No runtime dependencies. The embedding model (~80 MB ONNX) downloads on first use and caches at ~/.cache/huggingface/.

CLI
rag pack <dir>Create a .rag archive from a directory
rag query <archive> <q>Semantic search within an archive
rag query-all <q>Search across all registered archives
rag inspect <archive>View metadata and verify integrity
rag extract <archive>Extract files to disk
rag list-files <archive>List files with summaries
rag indexRebuild the machine-wide archive registry
rag mcpLaunch MCP server for AI agent integration
Limitations

Known tradeoffs

Not a grep replacement.

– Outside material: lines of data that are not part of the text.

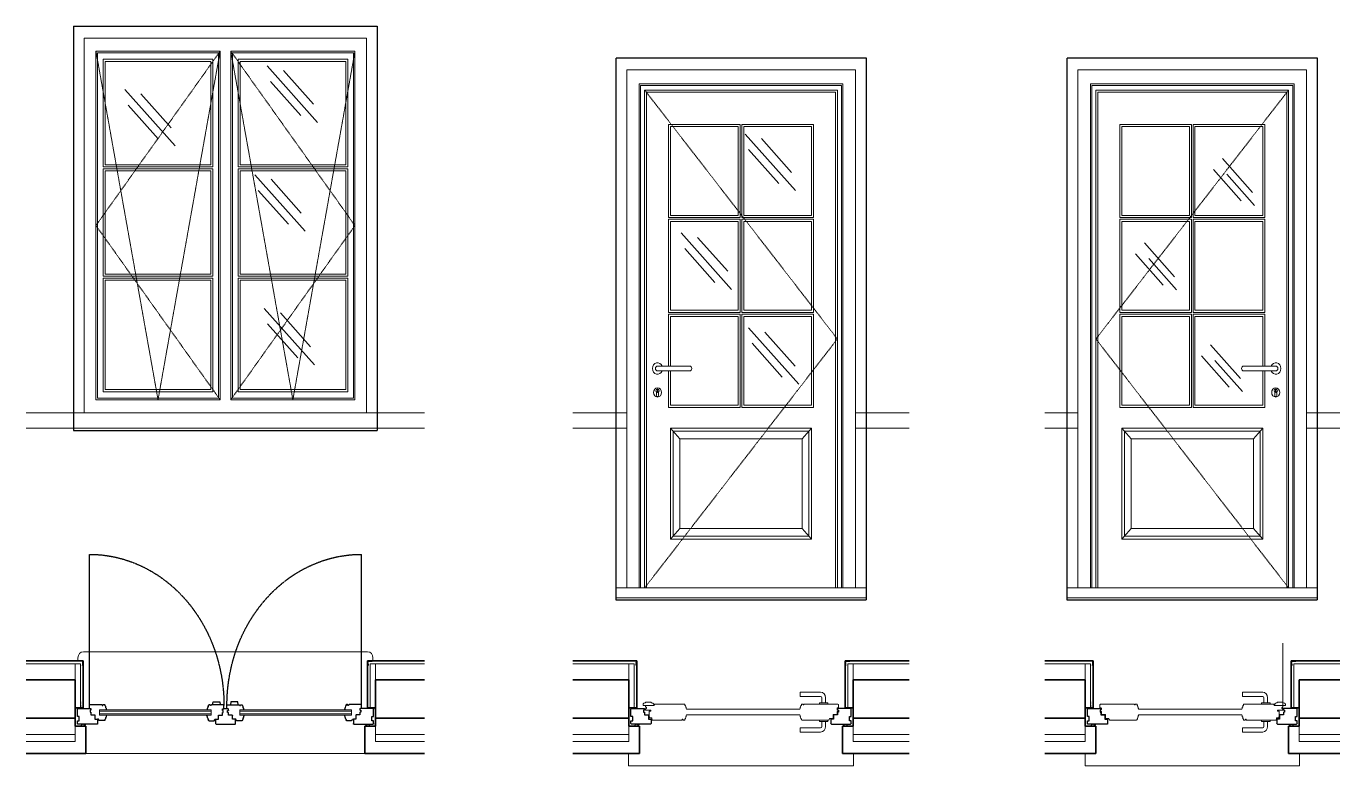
# Model space of a CAD drawing. Header units: inches. Extents: x -6116765 to 6074085, y -988255 to 3489801.
# Drawn here: x -3121579 to -1865800, y 93357 to 800797 of the extents above; entities that cross this region are included whole.
import ezdxf

# ---------------------------------------------------------------- set-up
doc = ezdxf.new("R2010")
doc.units = ezdxf.units.IN
doc.linetypes.add('HIDDEN', pattern=[0.375, 0.25, -0.125])
for name, color, linetype, lineweight in [('0_11mm_Line_Weight', 8, 'Continuous', 9), ('0_18mm_Line_Weight', 1, 'Continuous', 18), ('0_35mm_Line_Weight', 4, 'Continuous', 35), ('Doors', 3, 'Continuous', 20), ('Partition_Framed', 250, 'Continuous', 25), ('Stairs_Steps', 1, 'Continuous', 18), ('Window_Elevations', 1, 'Continuous', 18), ('Window_Frames', 250, 'Continuous', 25), ('Window_Glass', 1, 'Continuous', 18), ('Window_Pivot_Lines', 91, 'Continuous', 9)]:
    doc.layers.add(name, color=color, linetype=linetype, lineweight=lineweight)
for name, color, linetype in [('Doors_swing', 8, 'Continuous'), ('HATCH', 7, 'Continuous'), ('Structural_Concrete', 250, 'Continuous'), ('Wall', 7, 'Continuous')]:
    doc.layers.add(name, color=color, linetype=linetype)

# ---------------------------------------------------------------- blocks, each defined once
blk = doc.blocks.new('angle_bead')
at = {"layer": 'Partition_Framed', "const_width": 0.4}
blk.add_lwpolyline([(-13.1, -13.7), (-13.1, -12.5), (-12, -12.5), (-12, -11.4), (-10.8, -11.4), (-10.8, -10.2), (-9.6, -10.2), (-9.6, -9), (-8.4, -9), (-8.4, -7.8), (-7.2, -7.8), (-7.2, -6.6), (-6.6, -6.6), (-0.7, -0.7, -0.519968), (0, 1.1, -0.532903), (0.7, -0.7), (6.6, -6.6), (7.2, -6.6), (7.2, -7.8), (8.4, -7.8), (8.4, -9), (9.6, -9), (9.6, -10.2), (10.8, -10.2), (10.8, -11.4), (12, -11.4), (12, -12.5), (13.1, -12.5), (13.1, -13.7)], format="xyb", dxfattribs=at)
blk = doc.blocks.new('plasterstop')
at = {"layer": 'Partition_Framed', "const_width": 0.4}
blk.add_lwpolyline([(-9.6, 25.7), (-10.4, 24.9), (-9.6, 24), (-10.4, 23.2), (-9.6, 22.4), (-10.4, 21.5), (-9.6, 20.7), (-10.4, 19.8), (-9.6, 19), (-10.4, 18.2), (-9.6, 17.3), (-10.4, 16.5), (-9.6, 15.6), (-10.4, 14.8), (-9.6, 14), (-10.4, 13.1), (-9.6, 12.3), (-10.4, 11.4), (-9.6, 10.6), (-10.4, 9.8), (-10, 9.3), (-10, 0), (0, 0), (0, 0.5), (-10, 0.5)], dxfattribs=at)
blk = doc.blocks.new('A$C61F03520')
at = {"layer": 'HATCH', "color": 8}
for p, q in [((8.9, 53.7), (150.2, 195)), ((0, 0), (129.5, 129.5)), ((61.9, 18.7), (192, 148.8))]:
    blk.add_line(p, q, dxfattribs=at)
blk = doc.blocks.new('A$C394067A6')
at = {"layer": 'HATCH', "color": 8}
for p, q in [((0, 0), (235.5, 235.5)), ((18.1, 75.6), (159.3, 216.9)), ((78.1, 29.4), (219.4, 170.7))]:
    blk.add_line(p, q, dxfattribs=at)
blk = doc.blocks.new('A$C3DA64342')
at = {"layer": 'Doors', "color": 8, "linetype": 'Continuous'}
for p, q in [((34, 166.2), (129, 166.2)), ((129, 148.2), (129, 166.2)), ((40, 122.2), (0, 122.2)), ((0, 122.2), (0, 116.2)), ((11, 122.2), (11, 143.2)), ((29, 122.2), (29, 143.2)), ((34, 148.2), (129, 148.2)), ((40, 116.2), (40, 122.2)), ((0, 44), (0, 50)), ((40, 44), (0, 44)), ((11, 44), (11, 23)), ((29, 44), (29, 23)), ((34, 18), (129, 18)), ((34, 0), (129, 0)), ((40, 50), (40, 44)), ((129, 18), (129, 0))]:
    blk.add_line(p, q, dxfattribs=at)
for centre, radius, start, end in [((34, 143.2), 23, 90, 180), ((34, 143.2), 5, 90, 180), ((34, 23), 23, 180, 270), ((34, 23), 5, 180, 270)]:
    blk.add_arc(centre, radius, start, end, dxfattribs=at)
blk = doc.blocks.new('doors_windows_set')
at = {"layer": '0_11mm_Line_Weight'}
for p, q in [((14326.2, 3385.5), (13745.2, 3385.5)), ((13745.2, 3385.5), (13745.2, 1932.2)), ((14319, 3378.8), (13751.9, 3378.8)), ((13751.9, 3378.8), (13751.9, 1938.9)), ((13778.5, 3352.1), (14292.3, 3352.1)), ((13778.5, 3352.1), (13778.5, 2903.2)), ((13787.8, 3342.9), (14283.1, 3342.9)), ((13787.8, 3342.9), (13787.8, 2912.2)), ((14283.1, 3342.9), (14283.1, 2912.2)), ((14292.3, 3352.1), (14292.3, 2903.2)), ((14319, 3378.8), (14319, 1938.9)), ((14326.2, 3385.5), (14326.2, 1932.2)), ((14957.2, 3385.5), (14376.2, 3385.5)), ((14376.2, 3385.5), (14376.2, 1932.2)), ((14950.5, 3378.8), (14383.4, 3378.8)), ((14383.4, 3378.8), (14383.4, 1938.9)), ((14923.9, 3352.1), (14410.1, 3352.1)), ((14410.1, 3352.1), (14410.1, 2903.2)), ((14914.6, 3342.9), (14419.3, 3342.9)), ((14419.3, 3342.9), (14419.3, 2912.2)), ((14914.6, 3342.9), (14914.6, 2912.2)), ((14923.9, 3352.1), (14923.9, 2903.2)), ((14950.5, 3378.8), (14950.5, 1938.9)), ((14957.2, 3385.5), (14957.2, 1932.2)), ((9350.6, 3249.4), (9350.6, 1147.6)), ((10303.1, 3249.4), (9350.6, 3249.4)), ((10303.1, 3249.4), (10303.1, 1147.6)), ((11462.4, 3249.4), (11462.4, 1147.6)), ((12414.9, 3249.4), (11462.4, 3249.4)), ((12414.9, 3249.4), (12414.9, 1147.6)), ((9376, 1147.6), (9376, 3224)), ((9376, 3224), (10277.7, 3224)), ((10277.7, 3224), (10277.7, 1147.6)), ((11487.8, 1147.6), (11487.8, 3224)), ((11487.8, 3224), (12389.5, 3224)), ((12389.5, 3224), (12389.5, 1147.6)), ((9496.7, 3071.6), (9496.7, 2701.2)), ((9814.2, 3071.6), (9496.7, 3071.6)), ((9814.2, 2701.2), (9814.2, 3071.6)), ((9839.6, 2701.2), (9839.6, 3071.6)), ((9839.6, 3071.6), (10157.1, 3071.6)), ((10157.1, 3071.6), (10157.1, 2701.2)), ((11608.4, 3071.6), (11608.4, 2701.2)), ((11925.9, 3071.6), (11608.4, 3071.6)), ((11925.9, 2701.2), (11925.9, 3071.6)), ((11951.3, 2701.2), (11951.3, 3071.6)), ((11951.3, 3071.6), (12268.8, 3071.6)), ((12268.8, 3071.6), (12268.8, 2701.2)), ((14292.3, 2903.2), (13778.5, 2903.2)), ((14283.1, 2912.2), (13787.8, 2912.2)), ((14410.1, 2903.2), (14923.9, 2903.2)), ((14419.3, 2912.2), (14914.6, 2912.2)), ((13778.5, 2895.8), (14292.3, 2895.8)), ((13778.5, 2895.8), (13778.5, 2447.2)), ((13787.8, 2886.8), (14283.1, 2886.8)), ((13787.8, 2886.8), (13787.8, 2456.2)), ((14283.1, 2886.8), (14283.1, 2456.2)), ((14292.3, 2895.8), (14292.3, 2447.2)), ((14410.1, 2895.8), (14410.1, 2447.2)), ((14923.9, 2895.8), (14410.1, 2895.8)), ((14419.3, 2886.8), (14419.3, 2456.2)), ((14914.6, 2886.8), (14419.3, 2886.8)), ((14914.6, 2886.8), (14914.6, 2456.2)), ((14923.9, 2895.8), (14923.9, 2447.2)), ((9496.7, 2701.2), (9814.2, 2701.2)), ((10157.1, 2701.2), (9839.6, 2701.2)), ((11608.4, 2701.2), (11925.9, 2701.2)), ((12268.8, 2701.2), (11951.3, 2701.2)), ((9496.7, 2675.8), (9496.7, 2305.4)), ((9814.2, 2675.8), (9496.7, 2675.8)), ((9814.2, 2305.4), (9814.2, 2675.8)), ((9839.6, 2305.4), (9839.6, 2675.8)), ((9839.6, 2675.8), (10157.1, 2675.8)), ((10157.1, 2675.8), (10157.1, 2305.4)), ((11608.4, 2675.8), (11608.4, 2305.4)), ((11925.9, 2675.8), (11608.4, 2675.8)), ((11925.9, 2305.4), (11925.9, 2675.8)), ((11951.3, 2305.4), (11951.3, 2675.8)), ((11951.3, 2675.8), (12268.8, 2675.8)), ((12268.8, 2675.8), (12268.8, 2305.4)), ((14292.3, 2447.2), (13778.5, 2447.2)), ((13778.5, 2439.8), (14292.3, 2439.8)), ((13778.5, 2439.8), (13778.5, 1965.6)), ((14283.1, 2456.2), (13787.8, 2456.2)), ((13787.8, 2430.8), (14283.1, 2430.8)), ((13787.8, 2430.8), (13787.8, 1974.8)), ((14283.1, 2430.8), (14283.1, 1974.8)), ((14292.3, 2439.8), (14292.3, 1965.6)), ((14410.1, 2447.2), (14923.9, 2447.2)), ((14410.1, 2439.8), (14410.1, 1965.6)), ((14923.9, 2439.8), (14410.1, 2439.8)), ((14419.3, 2456.2), (14914.6, 2456.2)), ((14419.3, 2430.8), (14419.3, 1974.8)), ((14914.6, 2430.8), (14419.3, 2430.8)), ((14914.6, 2430.8), (14914.6, 1974.8)), ((14923.9, 2439.8), (14923.9, 1965.6)), ((9496.7, 2305.4), (9814.2, 2305.4)), ((10157.1, 2305.4), (9839.6, 2305.4)), ((11608.4, 2305.4), (11925.9, 2305.4)), ((12268.8, 2305.4), (11951.3, 2305.4)), ((9496.7, 2280), (9496.7, 2072.6)), ((9814.2, 2280), (9496.7, 2280)), ((9814.2, 1909.6), (9814.2, 2280)), ((9839.6, 1909.6), (9839.6, 2280)), ((9839.6, 2280), (10157.1, 2280)), ((10157.1, 2280), (10157.1, 1909.6)), ((11608.4, 2280), (11608.4, 1909.6)), ((11925.9, 2280), (11608.4, 2280)), ((11925.9, 1909.6), (11925.9, 2280)), ((11951.3, 1909.6), (11951.3, 2280)), ((11951.3, 2280), (12268.8, 2280)), ((12268.8, 2280), (12268.8, 2072.6)), ((9496.7, 2052.6), (9496.7, 1909.6)), ((12268.8, 2052.6), (12268.8, 1909.6)), ((14283.1, 1974.8), (13787.8, 1974.8)), ((14419.3, 1974.8), (14914.6, 1974.8)), ((14326.2, 1932.2), (13745.2, 1932.2)), ((14319, 1938.9), (13751.9, 1938.9)), ((14292.3, 1965.6), (13778.5, 1965.6)), ((14376.2, 1932.2), (14957.2, 1932.2)), ((14383.4, 1938.9), (14950.5, 1938.9)), ((14410.1, 1965.6), (14923.9, 1965.6)), ((9496.7, 1909.6), (9814.2, 1909.6)), ((10157.1, 1909.6), (9839.6, 1909.6)), ((11608.4, 1909.6), (11925.9, 1909.6)), ((12268.8, 1909.6), (11951.3, 1909.6)), ((10157.1, 1814.3), (9496.7, 1814.3)), ((9496.7, 1814.3), (9496.7, 1350.8)), ((9541.1, 1769.9), (9496.7, 1814.3)), ((10112.6, 1769.9), (10157.1, 1814.3)), ((10157.1, 1350.8), (10157.1, 1814.3)), ((12268.8, 1814.3), (11608.4, 1814.3)), ((11608.4, 1814.3), (11608.4, 1350.8)), ((11652.9, 1769.9), (11608.4, 1814.3)), ((12224.4, 1769.9), (12268.8, 1814.3)), ((12268.8, 1350.8), (12268.8, 1814.3)), ((10144.4, 1801.6), (9509.4, 1801.6)), ((9509.4, 1801.6), (9509.4, 1363.5)), ((10112.6, 1769.9), (9541.1, 1769.9)), ((9541.1, 1769.9), (9541.1, 1395.2)), ((10112.6, 1395.2), (10112.6, 1769.9)), ((10144.4, 1363.5), (10144.4, 1801.6)), ((12256.1, 1801.6), (11621.1, 1801.6)), ((11621.1, 1801.6), (11621.1, 1363.5)), ((12224.4, 1769.9), (11652.9, 1769.9)), ((11652.9, 1769.9), (11652.9, 1395.2)), ((12224.4, 1395.2), (12224.4, 1769.9)), ((12256.1, 1363.5), (12256.1, 1801.6)), ((9541.1, 1395.2), (9496.7, 1350.8)), ((9541.1, 1395.2), (10112.6, 1395.2)), ((10112.6, 1395.2), (10157.1, 1350.8)), ((11652.9, 1395.2), (11608.4, 1350.8)), ((11652.9, 1395.2), (12224.4, 1395.2)), ((12224.4, 1395.2), (12268.8, 1350.8)), ((9496.7, 1350.8), (10157.1, 1350.8)), ((9509.4, 1363.5), (10144.4, 1363.5)), ((11608.4, 1350.8), (12268.8, 1350.8)), ((11621.1, 1363.5), (12256.1, 1363.5)), ((9403.1, 639.2), (9403.1, 917))]:
    blk.add_line(p, q, dxfattribs=at)
for points in [[(9350.6, 1147.6), (9350.6, 3249.4), (10303.1, 3249.4), (10303.1, 1147.6)], [(9356.6, 1147.6), (9356.6, 3243.4), (10297.1, 3243.4), (10297.1, 1147.6)], [(11462.4, 1147.6), (11462.4, 3249.4), (12414.9, 3249.4), (12414.9, 1147.6)], [(11468.4, 1147.6), (11468.4, 3243.4), (12408.9, 3243.4), (12408.9, 1147.6)], [(9376, 1147.6), (9376, 3224), (10277.7, 3224), (10277.7, 1147.6)], [(9385, 1147.6), (9385, 3215), (10268.7, 3215), (10268.7, 1147.6)], [(11487.8, 1147.6), (11487.8, 3224), (12389.5, 3224), (12389.5, 1147.6)], [(11496.8, 1147.6), (11496.8, 3215), (12380.5, 3215), (12380.5, 1147.6)], [(9487.7, 2052.6), (9487.7, 1900.6), (9823.2, 1900.6), (9823.2, 2289), (9487.7, 2289), (9487.7, 2072.6)], [(9496.7, 2052.6), (9496.7, 1909.6), (9814.2, 1909.6), (9814.2, 2280), (9496.7, 2280), (9496.7, 2072.6)], [(12277.8, 2072.6), (12277.8, 2289), (11942.3, 2289), (11942.3, 1900.6), (12277.8, 1900.6), (12277.8, 2052.6)], [(12268.8, 2072.6), (12268.8, 2280), (11951.3, 2280), (11951.3, 1909.6), (12268.8, 1909.6), (12268.8, 2052.6)]]:
    blk.add_lwpolyline(points, dxfattribs=at)
for points in [[(9487.7, 2692.2), (9823.2, 2692.2), (9823.2, 3080.6), (9487.7, 3080.6)], [(9496.7, 2701.2), (9814.2, 2701.2), (9814.2, 3071.6), (9496.7, 3071.6)], [(9830.6, 2692.2), (10166.1, 2692.2), (10166.1, 3080.6), (9830.6, 3080.6)], [(9839.6, 2701.2), (10157.1, 2701.2), (10157.1, 3071.6), (9839.6, 3071.6)], [(11599.4, 2692.2), (11934.9, 2692.2), (11934.9, 3080.6), (11599.4, 3080.6)], [(11608.4, 2701.2), (11925.9, 2701.2), (11925.9, 3071.6), (11608.4, 3071.6)], [(11942.3, 2692.2), (12277.8, 2692.2), (12277.8, 3080.6), (11942.3, 3080.6)], [(11951.3, 2701.2), (12268.8, 2701.2), (12268.8, 3071.6), (11951.3, 3071.6)], [(9487.7, 2296.4), (9823.2, 2296.4), (9823.2, 2684.8), (9487.7, 2684.8)], [(9830.6, 2296.4), (10166.1, 2296.4), (10166.1, 2684.8), (9830.6, 2684.8)], [(11599.4, 2296.4), (11934.9, 2296.4), (11934.9, 2684.8), (11599.4, 2684.8)], [(11942.3, 2296.4), (12277.8, 2296.4), (12277.8, 2684.8), (11942.3, 2684.8)], [(9496.7, 2305.4), (9814.2, 2305.4), (9814.2, 2675.8), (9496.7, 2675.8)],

Exact symbol lookup with line numbers is faster with grep. Semantic search returns top-K approximations, not exhaustive results.

Archives are point-in-time snapshots. Source changes make the archive stale. Repack when the directory changes.

--include-everything exists for forensic use. On real codebases it degrades search quality because generated files dilute the embedding space.